September’s jobs report also showed that wage growth decelerated last month to 2.9% from 3.3% in August. This deceleration is still above the average pace of wage growth of 2.3% over the 10-year expansion. This pace of wage growth shows a labor market that is neither too cold nor too hot. Moreover, this pace suggests a labor market that is strong enough to support consumer spending, the engine of economic growth, but not too strong as to trigger a spike in interest rates that could slow growth.
Moderately growing wages are positive for corporate earnings, as well. Over the last five years, revenue growth has averaged 3.5%, according to FactSet. Wage growth below revenue growth helps keep corporate earnings climbing. While we expect a deceleration of earnings per share from 21% last year to 2% this year, that pace appears strong enough to support rising share prices over time2.
Global challenges add unevenness to the pace of growth, but they aren't changing the direction.

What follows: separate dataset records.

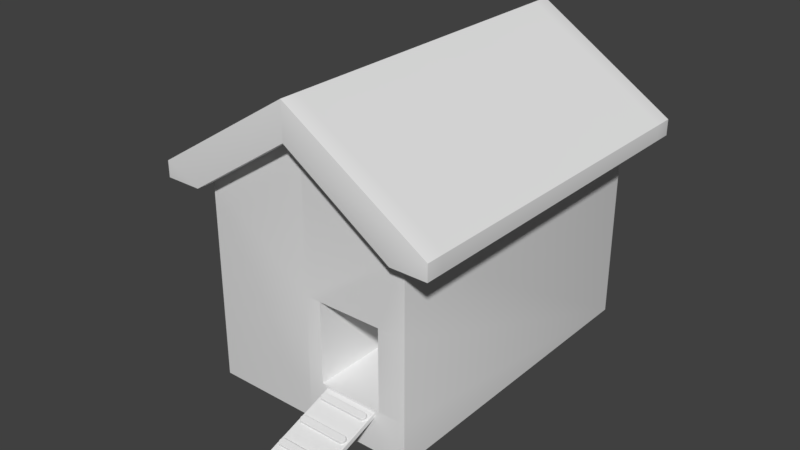 # Source: HenHouse.blend  (saved by Blender 2.79.0; exported with 4.5.12 LTS)
import bpy
from mathutils import Matrix  # noqa: F401  (used for matrix-valued properties, if any)

bpy.ops.wm.read_factory_settings(use_empty=True)
scene = bpy.context.scene
scene.name = 'Scene'

# ---- collections
col_collection_1 = bpy.data.collections.new('Collection 1'); scene.collection.children.link(col_collection_1)

# ---- world
world_world = bpy.data.worlds.new('World'); scene.world = world_world
world_world.color = (0.05088, 0.05088, 0.05088)
world_world.use_sun_shadow = False
world_world.sun_shadow_jitter_overblur = 0.0
world_world.cycles.sampling_method = 'MANUAL'

# ---- meshes
me_cube = bpy.data.meshes.new('Cube')
me_cube.from_pydata([(0.2541, -0.02, 0.0), (0.2541, -0.03345, -0.06234), (0.2541, -0.04324, -0.1077), (0.2541, -0.05792, -0.1757), (-3.004e-08, -0.02352, -0.1831), (-2.993e-08, 0.01439, -0.007422), (0.2541, 0.01439, -0.007422), (0.2541, -0.02352, -0.1831), (-2.98e-08, -0.02, 0.0), (-2.98e-08, -0.05792, -0.1757), (-2.98e-08, -0.04324, -0.1077), (-2.98e-08, -0.03345, -0.06234), (-2.98e-08, -0.06327, -0.1034), (-2.98e-08, -0.05349, -0.05802), (0.2156, -0.03345, -0.06234), (0.2156, -0.05349, -0.05802), (0.2156, -0.06327, -0.1034), (0.2156, -0.04324, -0.1077), (0.2313, -0.0359, -0.07368), (0.2366, -0.03835, -0.08501), (0.2313, -0.04079, -0.09635), (0.2313, -0.05593, -0.06935), (0.2366, -0.05838, -0.08069), (0.2313, -0.06083, -0.09202)], [], [(1, 2, 3, 7, 6, 0), (9, 4, 7, 3), (6, 7, 4, 5), (0, 6, 5, 8), (19, 20, 17, 2, 1, 14, 18), (18, 14, 15, 21), (3, 2, 17, 10, 9), (1, 0, 8, 11, 14), (15, 14, 11, 13), (16, 23, 22, 21, 15, 13, 12), (12, 10, 17, 16), (17, 20, 23, 16), (20, 19, 22, 23), (19, 18, 21, 22)])
_uv = me_cube.uv_layers.new(name='UVMap')
_uv.uv.foreach_set('vector', [0.7548, 0.7263, 0.7548, 0.6307, 0.7548, 0.4874, 0.8287, 0.4874, 0.8287, 0.8577, 0.7548, 0.8577, 0.8522, 8.72e-09, 0.9261, 0.0, 0.9261, 0.5234, 0.8522, 0.5234, 0.3774, 0.0, 0.7548, 0.0, 0.7548, 0.5234, 0.3774, 0.5234, 0.9261, 0.0, 1.0, 0.0, 1.0, 0.5234, 0.9261, 0.5234, 0.1826, 0.4874, 0.207, 0.4766, 0.2313, 0.4441, 0.2313, 0.5234, 0.1339, 0.5234, 0.1339, 0.4441, 0.1583, 0.4766, 0.7548, 0.5234, 0.7548, 0.5559, 0.7118, 0.5559, 0.7118, 0.5234, 0.3774, 0.5234, 0.2313, 0.5234, 0.2313, 0.4441, 0.2313, 1.036e-08, 0.3774, 0.0, 0.1339, 0.5234, 3.911e-08, 0.5234, 0.0, 2.676e-08, 0.1339, 1.726e-08, 0.1339, 0.4441, 0.7118, 0.5559, 0.7548, 0.5559, 0.7548, 1.0, 0.7118, 1.0, 0.7548, 0.04321, 0.7792, 0.01077, 0.8035, 0.0, 0.8279, 0.01077, 0.8522, 0.04321, 0.8522, 0.4874, 0.7548, 0.4874, 0.0, 0.5234, 0.04304, 0.5234, 0.04304, 0.9676, 4.694e-08, 0.9676, 0.04304, 0.9676, 0.04304, 1.0, 2.347e-08, 1.0, 4.694e-08, 0.9676, 0.08607, 0.5234, 0.08607, 0.5473, 0.04304, 0.5473, 0.04304, 0.5234, 0.08607, 0.5473, 0.08607, 0.5712, 0.04304, 0.5712, 0.04304, 0.5473])
me_cube.use_remesh_preserve_volume = False
me_cube.use_remesh_preserve_attributes = False
me_cube.use_mirror_vertex_groups = False
me_cube.update()
me_untitled = bpy.data.meshes.new('Untitled')
me_untitled.from_pydata([(1.0, -1.0, 0.0), (1.0, 2.054, 0.0), (1.342, 2.054, 1.859), (1.342, -1.0, 1.859), (1.0, -1.0, 1.859), (1.0, 2.054, 1.859), (-1.0, -1.0, 0.0), (-1.0, 2.054, 0.0), (-1.342, 2.054, 1.859), (-1.342, -1.0, 1.859), (-1.0, -1.0, 1.859), (-1.0, 2.054, 1.859), (0.0, 2.054, 0.0), (0.0, -1.0, 0.0), (0.0, -1.0, 2.862), (0.0, 2.054, 2.862), (1.0, -1.0, 1.169), (0.0, -1.0, 1.169), (1.0, -1.0, 0.4008), (0.0, -1.0, 0.4008), (0.1436, -1.0, 1.169), (0.741, -1.0, 1.169), (0.1436, -1.0, 0.4007), (0.741, -1.0, 0.4007), (0.1436, -0.05501, 1.169), (0.741, -0.05501, 1.169), (0.1436, -0.05501, 0.4008), (0.741, -0.05501, 0.4008), (1.342, 2.054, 2.01), (1.342, -1.0, 2.01), (-1.342, 2.054, 2.01), (-1.342, -1.0, 2.01), (0.0, 2.054, 2.521), (0.0, -1.0, 2.521), (1.0, -1.172, 1.859), (1.342, -1.172, 1.859), (1.0, 2.226, 1.859), (1.342, 2.226, 1.859), (-1.0, -1.172, 1.859), (-1.342, -1.172, 1.859), (-1.0, 2.226, 1.859), (-1.342, 2.226, 1.859), (-1.342, -1.172, 2.01), (-1.342, 2.226, 2.01), (1.342, 2.226, 2.01), (1.342, -1.172, 2.01), (0.0, -1.172, 2.862), (0.0, 2.226, 2.862), (0.0, 2.226, 2.521), (0.0, -1.172, 2.521)], [], [(13, 12, 1, 0), (4, 5, 2, 3), (0, 1, 5, 4, 16, 18), (18, 23, 22, 19, 13, 0), (15, 14, 29, 28), (13, 6, 7, 12), (10, 9, 8, 11), (6, 10, 11, 7), (20, 17, 19, 22), (16, 21, 23, 18), (20, 22, 26, 24), (25, 24, 26, 27), (22, 23, 27, 26), (21, 20, 24, 25), (23, 21, 25, 27), (9, 31, 30, 8), (2, 28, 29, 3), (15, 30, 31, 14), (12, 7, 11, 32), (12, 32, 5, 1), (10, 33, 49, 38), (30, 15, 47, 43), (33, 10, 6, 13, 19, 17), (33, 4, 34, 49), (14, 31, 42, 46), (16, 4, 33, 17, 20, 21), (37, 36, 48, 47, 44), (41, 43, 47, 48, 40), (39, 38, 49, 46, 42), (35, 45, 46, 49, 34), (11, 8, 41, 40), (29, 14, 46, 45), (15, 28, 44, 47), (2, 5, 36, 37), (31, 9, 39, 42), (9, 10, 38, 39), (8, 30, 43, 41), (5, 32, 48, 36), (28, 2, 37, 44), (4, 3, 35, 34), (32, 11, 40, 48), (3, 29, 45, 35)])
me_untitled.polygons.foreach_set('use_smooth', [True] * 42)
_uv = me_untitled.uv_layers.new(name='UVMap')
_uv.uv.foreach_set('vector', [0.1195, 0.3951, 0.1195, 0.7501, 2.849e-08, 0.7501, 0.0, 0.3951, 0.3614, 0.02001, 0.3614, 0.375, 0.3206, 0.375, 0.3206, 0.02001, 0.4611, 0.3951, 0.4611, 0.7501, 0.239, 0.7501, 0.239, 0.3951, 0.3214, 0.3951, 0.4132, 0.3951, 0.6832, 0.6415, 0.7142, 0.6415, 0.7855, 0.6415, 0.8027, 0.6415, 0.8027, 0.6881, 0.6832, 0.6881, 0.1603, 0.02001, 0.1603, 0.375, 2.849e-08, 0.375, 0.0, 0.02001, 0.1195, 0.3951, 0.239, 0.3951, 0.239, 0.7501, 0.1195, 0.7501, 0.6004, 0.02001, 0.6412, 0.02001, 0.6412, 0.375, 0.6004, 0.375, 0.4611, 0.3951, 0.6832, 0.3951, 0.6832, 0.7501, 0.4611, 0.7501, 0.7855, 0.5522, 0.8027, 0.5522, 0.8027, 0.6415, 0.7855, 0.6415, 0.6832, 0.5522, 0.7142, 0.5522, 0.7142, 0.6415, 0.6832, 0.6415, 0.0, 0.7501, 0.09176, 0.7501, 0.09176, 0.86, 1.211e-06, 0.86, 0.6412, 0.293, 0.7126, 0.293, 0.7126, 0.3823, 0.6412, 0.3823, 0.8031, 0.6881, 0.8744, 0.6881, 0.8744, 0.7979, 0.8031, 0.7979, 0.1835, 0.7501, 0.2549, 0.7501, 0.2549, 0.86, 0.1835, 0.86, 0.1835, 0.86, 0.09176, 0.86, 0.09176, 0.7501, 0.1835, 0.7501, 0.9402, 0.7701, 0.9222, 0.7701, 0.9222, 0.4151, 0.9402, 0.4151, 0.9582, 0.7701, 0.9402, 0.7701, 0.9402, 0.4151, 0.9582, 0.4151, 0.1603, 0.02001, 0.3206, 0.02001, 0.3206, 0.375, 0.1603, 0.375, 0.7607, 0.293, 0.6412, 0.293, 0.6412, 0.0769, 0.7607, 0.0, 0.7607, 0.293, 0.7607, 0.0, 0.8801, 0.0769, 0.8801, 0.293, 0.6004, 0.02001, 0.4809, 0.02001, 0.4809, 0.0, 0.6004, 1.94e-07, 0.3206, 0.02001, 0.1603, 0.02001, 0.1603, 0.0, 0.3206, 3.326e-07, 0.8027, 0.3951, 0.9222, 0.472, 0.9222, 0.6881, 0.8027, 0.6881, 0.8027, 0.6415, 0.8027, 0.5522, 0.4809, 0.02001, 0.3614, 0.02001, 0.3614, 1.94e-07, 0.4809, 0.0, 0.1603, 0.375, 0.3206, 0.375, 0.3206, 0.3951, 0.1603, 0.3951, 0.6832, 0.5522, 0.6832, 0.472, 0.8027, 0.3951, 0.8027, 0.5522, 0.7855, 0.5522, 0.7142, 0.5522, 0.8801, 0.3119, 0.8801, 0.2722, 0.9592, 0.156, 1.0, 0.156, 0.8982, 0.3119, 0.8801, 3.88e-07, 0.8982, 0.0, 1.0, 0.156, 0.9592, 0.156, 0.8801, 0.03971, 0.8031, 0.6881, 0.8031, 0.7278, 0.724, 0.844, 0.6832, 0.844, 0.785, 0.6881, 0.8031, 1.0, 0.785, 1.0, 0.6832, 0.844, 0.724, 0.844, 0.8031, 0.9603, 0.6004, 0.375, 0.6412, 0.375, 0.6412, 0.3951, 0.6004, 0.3951, 2.849e-08, 0.375, 0.1603, 0.375, 0.1603, 0.3951, 2.849e-08, 0.3951, 0.1603, 0.02001, 0.0, 0.02001, 0.0, 3.88e-07, 0.1603, 0.0, 0.3206, 0.375, 0.3614, 0.375, 0.3614, 0.3951, 0.3206, 0.3951, 0.9222, 0.7701, 0.9402, 0.7701, 0.9402, 0.7901, 0.9222, 0.7901, 0.6412, 0.02001, 0.6004, 0.02001, 0.6004, 1.94e-07, 0.6412, 1.94e-07, 0.9402, 0.4151, 0.9222, 0.4151, 0.9222, 0.3951, 0.9402, 0.3951, 0.3614, 0.375, 0.4809, 0.375, 0.4809, 0.3951, 0.3614, 0.3951, 0.9402, 0.7701, 0.9582, 0.7701, 0.9582, 0.7901, 0.9402, 0.7901, 0.3614, 0.02001, 0.3206, 0.02001, 0.3206, 1.94e-07, 0.3614, 1.94e-07, 0.4809, 0.375, 0.6004, 0.375, 0.6004, 0.3951, 0.4809, 0.3951, 0.9582, 0.4151, 0.9402, 0.4151, 0.9402, 0.3951, 0.9582, 0.3951])
me_untitled.use_remesh_preserve_volume = False
me_untitled.use_remesh_preserve_attributes = False
me_untitled.use_mirror_vertex_groups = False
me_untitled.update()

# ---- objects
ob_ramp = bpy.data.objects.new('Ramp', me_cube)
ob_house = bpy.data.objects.new('House', me_untitled)

# ---- transforms, parenting, visibility, modifiers, constraints
ob_ramp.location = (0.4423, -0.9452, 0.362)
ob_ramp.rotation_euler = (-1.021, -0.0, 0.0)
ob_ramp.scale = (1.0, 1.421, 1.421)
ob_ramp.lineart.crease_threshold = 0.0
_vg = ob_ramp.vertex_groups.new(name='Bevel')
_m = ob_ramp.modifiers.new('Array', 'ARRAY')
_m.count = 4
_m.constant_offset_displace = (0.0, 0.0, 0.0)
_m.relative_offset_displace = (0.0, -0.5, -0.95)
_m.use_merge_vertices = True
_m = ob_ramp.modifiers.new('Bevel', 'BEVEL')
_m.width = 0.005
_m.width_pct = 0.005
_m.segments = 5
_m.limit_method = 'NONE'
_m.use_clamp_overlap = False
_m.spread = 0.0
_m = ob_ramp.modifiers.new('Mirror', 'MIRROR')
ob_house.location = (0.0, 0.0, 0.0)
ob_house.lineart.crease_threshold = 0.0
_vg = ob_house.vertex_groups.new(name='Bevel')
_vg.add([0, 1, 2, 3, 4, 5, 6, 7, 8, 9, 10, 11, 12, 13, 14, 15, 16, 17, 18, 20, 21, 22, 23, 24, 25, 26, 27, 28, 29, 30, 31, 32, 33, 34, 35, 36, 37, 38, 39, 40, 41, 42, 43, 44, 45, 46, 47, 48, 49], 1.0, 'REPLACE')
_m = ob_house.modifiers.new('Bevel', 'BEVEL')
_m.segments = 5
_m.limit_method = 'VGROUP'
_m.angle_limit = 0.01745
_m.vertex_group = 'Bevel'
_m.spread = 0.0

# ---- collection membership
col_collection_1.objects.link(ob_ramp)
col_collection_1.objects.link(ob_house)

# ---- scene / render settings (as saved in the file)
scene.frame_start = 1; scene.frame_end = 1; scene.frame_set(1)
scene.render.engine = 'BLENDER_EEVEE_NEXT'
scene.render.resolution_percentage = 50
scene.render.dither_intensity = 0.0
scene.cycles.use_denoising = False
scene.cycles.samples = 128
scene.cycles.sampling_pattern = 'TABULATED_SOBOL'
scene.cycles.use_adaptive_sampling = False
scene.cycles.use_light_tree = False
scene.cycles.blur_glossy = 0.0
scene.cycles.sample_clamp_indirect = 0.0
scene.view_settings.view_transform = 'Standard'
bpy.context.view_layer.update()

# ---- added for rendering (the .blend has no active camera and no usable light): camera, sun
cam_auto = bpy.data.cameras.new('AutoCamera')
cam_auto.lens = 50.0
cam_auto.sensor_width = 36.0
cam_auto.clip_end = 1000.0
ob_auto_camera = bpy.data.objects.new('AutoCamera', cam_auto)
scene.collection.objects.link(ob_auto_camera)
ob_auto_camera.location = (5.37256, -6.29956, 5.64053)
ob_auto_camera.rotation_euler = (1.09748, -7.21219e-08, 0.694738)
scene.camera = ob_auto_camera
light_auto_sun = bpy.data.lights.new('AutoSun', 'SUN')
light_auto_sun.energy = 3.0
light_auto_sun.angle = 0.0523599
ob_auto_sun = bpy.data.objects.new('AutoSun', light_auto_sun)
scene.collection.objects.link(ob_auto_sun)
ob_auto_sun.rotation_euler = (0.872665, 0.174533, 0.523599)
bpy.context.view_layer.update()

The markets also reacted to a new round of tariffs announced this week. The White House announced tariffs on $7.5 billion in European goods that will take effect on October 18. In addition, the Trump administration plans to raise tariffs to 30% from 25% on $250 billion worth of Chinese goods on October 15.
Accommodative global central-bank policy serves as a ballast against rising trade tensions and slowing global growth for now, in our view. Additionally, we also think that the ill effects of trade uncertainty will eventually be alleviated by a negotiated U.S./China trade deal, though we expect that deal to be long in the making due to the complexity of the issues being discussed. All told, we expect more market volatility ahead, but within normal ranges. Stocks are only 4% down from all-time highs, and there have only been seven days this year with a market swing above 2%, compared with an annual average of 14 days since 1970.
Grab your compass
In the latter stages of a bull market, turning points in the economy are hard to predict and don’t go according to a preset schedule. Working with your financial advisor can help you build an “all-weather” portfolio that can help to weather all types of market cycles. Rather than relying on a calendar and focusing on timing, let your guide be a diversified portfolio, which will act as your compass, to help keep you moving in the right direction over time toward your long-term financial goals.
Sources: 1. Bloomberg stocks represented by the S&P 500, 2. FactSet, S&P 500 consensus estimates
Nela Richardson, PhD
|Dow Jones Industrial Average||26,574||-0.9%||13.9%|
|S&P 500 Index||2,952||-0.3%||17.8%|
|10-yr Treasury Yield||1.53%||-0.15%||-1.16%|
Source: Bloomberg, 10/04/19. Bonds represented by the iShares Core U.S. Aggregate Bond ETF. Past performance does not guarantee future results.
The Week Ahead
Important economic data being released this week include the Producer Price Index (PPI) on Tuesday, inflation readings Thursday, and consumer sentiment Friday. Attention will also turn to trade negotiations as U.S. and China trade representatives are scheduled to meet Thursday and Friday.